Items listed in a dataset:
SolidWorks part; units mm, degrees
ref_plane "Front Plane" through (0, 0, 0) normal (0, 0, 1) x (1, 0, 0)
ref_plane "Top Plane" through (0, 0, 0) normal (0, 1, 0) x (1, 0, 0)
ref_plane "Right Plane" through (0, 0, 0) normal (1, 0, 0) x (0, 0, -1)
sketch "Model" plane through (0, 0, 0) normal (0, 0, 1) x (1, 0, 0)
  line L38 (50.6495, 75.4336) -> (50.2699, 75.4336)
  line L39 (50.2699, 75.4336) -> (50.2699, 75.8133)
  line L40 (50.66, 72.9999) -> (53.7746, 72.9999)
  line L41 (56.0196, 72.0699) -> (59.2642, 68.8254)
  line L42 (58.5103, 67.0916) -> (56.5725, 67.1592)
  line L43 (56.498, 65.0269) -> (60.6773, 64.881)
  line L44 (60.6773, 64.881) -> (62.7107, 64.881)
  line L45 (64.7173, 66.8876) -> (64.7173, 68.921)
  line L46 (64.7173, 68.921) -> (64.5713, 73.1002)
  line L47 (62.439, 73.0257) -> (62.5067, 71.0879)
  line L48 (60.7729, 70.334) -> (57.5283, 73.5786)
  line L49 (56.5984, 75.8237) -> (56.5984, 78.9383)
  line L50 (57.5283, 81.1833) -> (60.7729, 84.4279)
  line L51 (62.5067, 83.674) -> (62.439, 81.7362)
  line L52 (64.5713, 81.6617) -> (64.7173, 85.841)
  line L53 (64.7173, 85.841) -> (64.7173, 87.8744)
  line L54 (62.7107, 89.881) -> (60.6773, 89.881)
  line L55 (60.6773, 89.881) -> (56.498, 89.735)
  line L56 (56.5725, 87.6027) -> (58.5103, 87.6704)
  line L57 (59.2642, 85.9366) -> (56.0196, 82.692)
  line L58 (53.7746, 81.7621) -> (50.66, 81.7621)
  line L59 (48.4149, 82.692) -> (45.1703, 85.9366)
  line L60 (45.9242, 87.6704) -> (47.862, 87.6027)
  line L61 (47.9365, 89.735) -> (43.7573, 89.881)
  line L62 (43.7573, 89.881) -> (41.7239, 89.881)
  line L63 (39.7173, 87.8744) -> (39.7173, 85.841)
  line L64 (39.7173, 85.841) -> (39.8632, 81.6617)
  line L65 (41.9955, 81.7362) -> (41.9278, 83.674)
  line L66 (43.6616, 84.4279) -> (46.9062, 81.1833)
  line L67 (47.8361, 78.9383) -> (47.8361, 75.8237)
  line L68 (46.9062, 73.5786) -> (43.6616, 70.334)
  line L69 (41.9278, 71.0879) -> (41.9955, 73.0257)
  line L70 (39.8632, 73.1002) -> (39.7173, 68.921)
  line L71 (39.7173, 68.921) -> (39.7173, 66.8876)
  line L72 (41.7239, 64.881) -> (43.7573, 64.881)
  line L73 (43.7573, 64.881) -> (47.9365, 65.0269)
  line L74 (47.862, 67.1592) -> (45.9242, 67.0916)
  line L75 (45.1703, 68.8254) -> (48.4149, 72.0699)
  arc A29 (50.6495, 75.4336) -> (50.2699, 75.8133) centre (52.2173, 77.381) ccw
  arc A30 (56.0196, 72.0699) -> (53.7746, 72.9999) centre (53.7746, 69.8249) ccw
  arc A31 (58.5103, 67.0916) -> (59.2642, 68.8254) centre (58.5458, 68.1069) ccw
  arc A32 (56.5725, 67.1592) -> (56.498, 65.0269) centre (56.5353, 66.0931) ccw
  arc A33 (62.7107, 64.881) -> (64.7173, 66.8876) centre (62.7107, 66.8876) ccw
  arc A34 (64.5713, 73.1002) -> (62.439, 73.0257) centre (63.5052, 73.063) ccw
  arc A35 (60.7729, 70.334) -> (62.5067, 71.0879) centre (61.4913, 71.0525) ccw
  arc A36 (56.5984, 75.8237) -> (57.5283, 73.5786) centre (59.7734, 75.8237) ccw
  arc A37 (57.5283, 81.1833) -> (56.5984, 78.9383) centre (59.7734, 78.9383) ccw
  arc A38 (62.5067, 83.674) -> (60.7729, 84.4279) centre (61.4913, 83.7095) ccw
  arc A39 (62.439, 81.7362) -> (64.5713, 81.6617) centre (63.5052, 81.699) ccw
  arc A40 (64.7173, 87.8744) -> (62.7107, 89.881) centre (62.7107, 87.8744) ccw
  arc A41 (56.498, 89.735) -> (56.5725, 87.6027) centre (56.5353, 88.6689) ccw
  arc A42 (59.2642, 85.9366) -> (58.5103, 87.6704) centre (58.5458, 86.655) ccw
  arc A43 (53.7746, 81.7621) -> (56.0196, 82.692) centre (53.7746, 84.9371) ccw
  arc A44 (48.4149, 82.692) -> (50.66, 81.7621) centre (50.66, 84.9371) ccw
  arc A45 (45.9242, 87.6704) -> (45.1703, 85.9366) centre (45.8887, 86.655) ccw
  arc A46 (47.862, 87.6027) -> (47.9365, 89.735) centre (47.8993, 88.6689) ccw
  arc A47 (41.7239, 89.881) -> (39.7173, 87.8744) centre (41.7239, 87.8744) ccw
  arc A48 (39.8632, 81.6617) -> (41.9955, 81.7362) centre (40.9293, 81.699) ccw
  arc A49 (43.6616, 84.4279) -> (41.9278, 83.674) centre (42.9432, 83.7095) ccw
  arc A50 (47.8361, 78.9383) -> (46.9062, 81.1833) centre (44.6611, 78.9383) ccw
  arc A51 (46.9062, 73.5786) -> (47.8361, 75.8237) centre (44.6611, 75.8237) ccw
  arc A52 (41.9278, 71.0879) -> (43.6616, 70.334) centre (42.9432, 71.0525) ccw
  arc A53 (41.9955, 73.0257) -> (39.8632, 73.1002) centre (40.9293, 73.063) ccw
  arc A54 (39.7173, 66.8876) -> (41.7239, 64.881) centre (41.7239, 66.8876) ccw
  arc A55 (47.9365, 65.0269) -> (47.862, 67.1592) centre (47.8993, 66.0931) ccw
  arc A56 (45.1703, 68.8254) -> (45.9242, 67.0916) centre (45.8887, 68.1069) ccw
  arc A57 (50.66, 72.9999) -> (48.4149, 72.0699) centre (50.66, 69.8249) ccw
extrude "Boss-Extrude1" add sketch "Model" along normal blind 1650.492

> _ABOUT THIS EXERCISE_:
Among the records above, find the lines where the word "through" appears and copy them.

> _PROBLEM SOLUTION_:
ref_plane "Front Plane" through (0, 0, 0) normal (0, 0, 1) x (1, 0, 0)
ref_plane "Top Plane" through (0, 0, 0) normal (0, 1, 0) x (1, 0, 0)
ref_plane "Right Plane" through (0, 0, 0) normal (1, 0, 0) x (0, 0, -1)
sketch "Model" plane through (0, 0, 0) normal (0, 0, 1) x (1, 0, 0)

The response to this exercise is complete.